One-factor ANOVA Practical
Module Overview
Welcome to Module three of the Analysis of Variance series.
Focus: One factor analysis of variance and conducting these analyses in SPSS.
Assumptions of Basic Analysis of Variance
Introduction to the four key assumptions:
Dependent Variable Scale:
Must be of an interval or ratio scale.
Normal Distribution:
Dependent variable scores should ideally be normally distributed.
Can be slightly violated if sample sizes exceed 30.
Equivalent Group Sizes:
Group sizes should be roughly equivalent, with a tolerable ratio of about 1.5.
Homogeneity of Variance:
Assumes the variance among populations is equal across group means, though sample variances may differ slightly.
Detailed Exploration of Homogeneity of Variance
Variance Definition:
Measures the spread of data relative to the mean.
Variance Example Calculation:
For sample variance:
Formula: ext{Variance (s^2)} = \frac{\sum (X - \text{mean})^2}{N - 1}
Example with data: 2, 3, 4
Mean = 3; Variance = 1.
Example with data: 0, 3, 6
Mean remains 3; Variance = 9.
Significance of Variance:
Variance calculations should be similar for all groups in ANOVA to meet the homogeneity assumption.
Implications of Violating Assumptions:
If homogeneity is violated, it necessitates conducting nonparametric tests as a last resort.
Analysis by Hand - One Way ANOVA
Review of calculating sum of squares by hand using:
Data from Module Two (as a reference).
Steps for calculating:
Calculate totals for each group.
Calculate sum of squares for each group and total sum of squares.
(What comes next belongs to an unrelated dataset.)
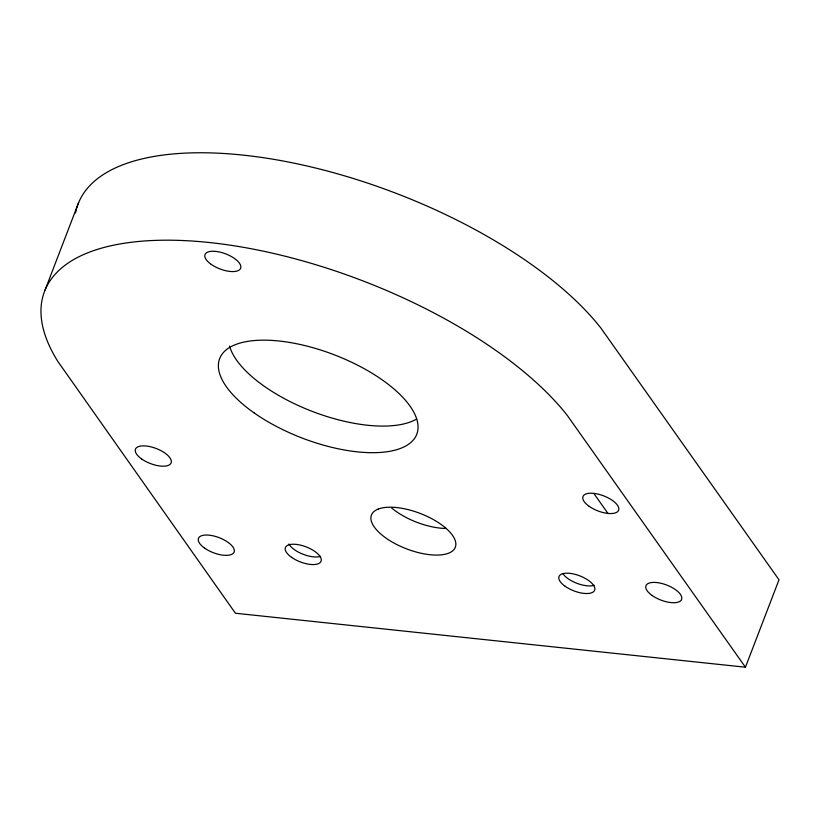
<?xml version="1.0" encoding="UTF-8"?>
<svg xmlns="http://www.w3.org/2000/svg" width="820" height="820" viewBox="0 0 820 820"><rect width="100%" height="100%" fill="white"/><g stroke="black" fill="none" stroke-linecap="round" stroke-linejoin="round"><path stroke-width="1.23" d="M45.11 289.972L78.658 202.55M745.441 667.213L567.214 415.33A293.14 123.881 21 0 0 209.5 242.535A293.14 123.881 21 0 0 57.83 361.415L235.422 613.237L745.441 667.213L779 579.791L600.773 327.908A293.14 123.881 21 0 0 306.793 165.937A293.14 123.881 21 0 0 76.844 207.644M594.059 493.753L608.102 513.627M416.652 419.01A105.565 44.618 21 0 1 311.231 411.005A105.565 44.618 21 0 1 229.569 346.091M446.152 528.48A44.926 18.983 21 0 1 391.56 507.898M75.542 212.923A293.14 123.881 21 0 1 76.537 208.68M594.172 585.316A19.096 8.067 21 0 1 577.095 583.389A19.096 8.067 21 0 1 562.776 573.477M320.589 556.36A19.096 8.067 21 0 1 303.041 554.248A19.096 8.067 21 0 1 288.896 544.008M378.112 509.117L376.923 509.64A44.926 18.983 21 0 0 395.476 543.855A44.926 18.983 21 0 0 453.562 550.005A44.926 18.983 21 0 0 422.874 514.499L420.691 513.627A44.926 18.983 21 0 0 378.112 509.117M211.242 264.388A19.096 8.067 21 0 0 240.619 268.345A19.096 8.067 21 0 0 216.634 251.494A19.096 8.067 21 0 0 211.242 264.388M291.643 557.385A19.096 8.067 21 0 0 321.02 561.341A19.096 8.067 21 0 0 297.035 544.49A19.096 8.067 21 0 0 291.643 557.385M565.236 586.341A19.096 8.067 21 0 0 594.613 590.297A19.096 8.067 21 0 0 570.617 573.447A19.096 8.067 21 0 0 565.236 586.341M652.197 595.545A19.096 8.067 21 0 0 681.563 599.502A19.096 8.067 21 0 0 657.578 582.651A19.096 8.067 21 0 0 652.197 595.545M204.692 548.18A19.096 8.067 21 0 0 234.069 552.137A19.096 8.067 21 0 0 210.084 535.286A19.096 8.067 21 0 0 204.692 548.18M254.149 412.931A105.565 44.618 21 0 0 416.56 434.764A105.565 44.618 21 0 0 283.925 341.591A105.565 44.618 21 0 0 254.149 412.931M589.201 506.37A19.096 8.067 21 0 0 618.567 510.327A19.096 8.067 21 0 0 594.582 493.476A19.096 8.067 21 0 0 589.201 506.37M141.706 459.005A19.096 8.067 21 0 0 171.083 462.962A19.096 8.067 21 0 0 147.087 446.111A19.096 8.067 21 0 0 141.706 459.005"/></g></svg>

Calculate the degrees of freedom.
Example calculations:
Total participants: 50
Total sum of squares result: 768.82.
Sum of squares between: 351.52 with 4 degrees of freedom.
Sum of squares within: Calculate as total - between.
Analysis of Variance Table
Structure includes:
Rows for between and within groups, total.
Calculation of mean square: \text{Mean Square} = \frac{\text{Sum of Squares}}{\text{Degrees of Freedom}}
F-value comparisons against critical values to test significance (with example values).
Result interpretation:
Example: F-value = 9.1 exceeds critical value = 2.61, thus null hypothesis rejected.
SPSS Analysis of Variance
Steps to initiate analysis in SPSS:
Input data under States of independent variable with levels (low, medium, high).
Steps to enter into SPSS for analysis of variance:
Navigate to ANALYZE > General Linear Model > Univariate.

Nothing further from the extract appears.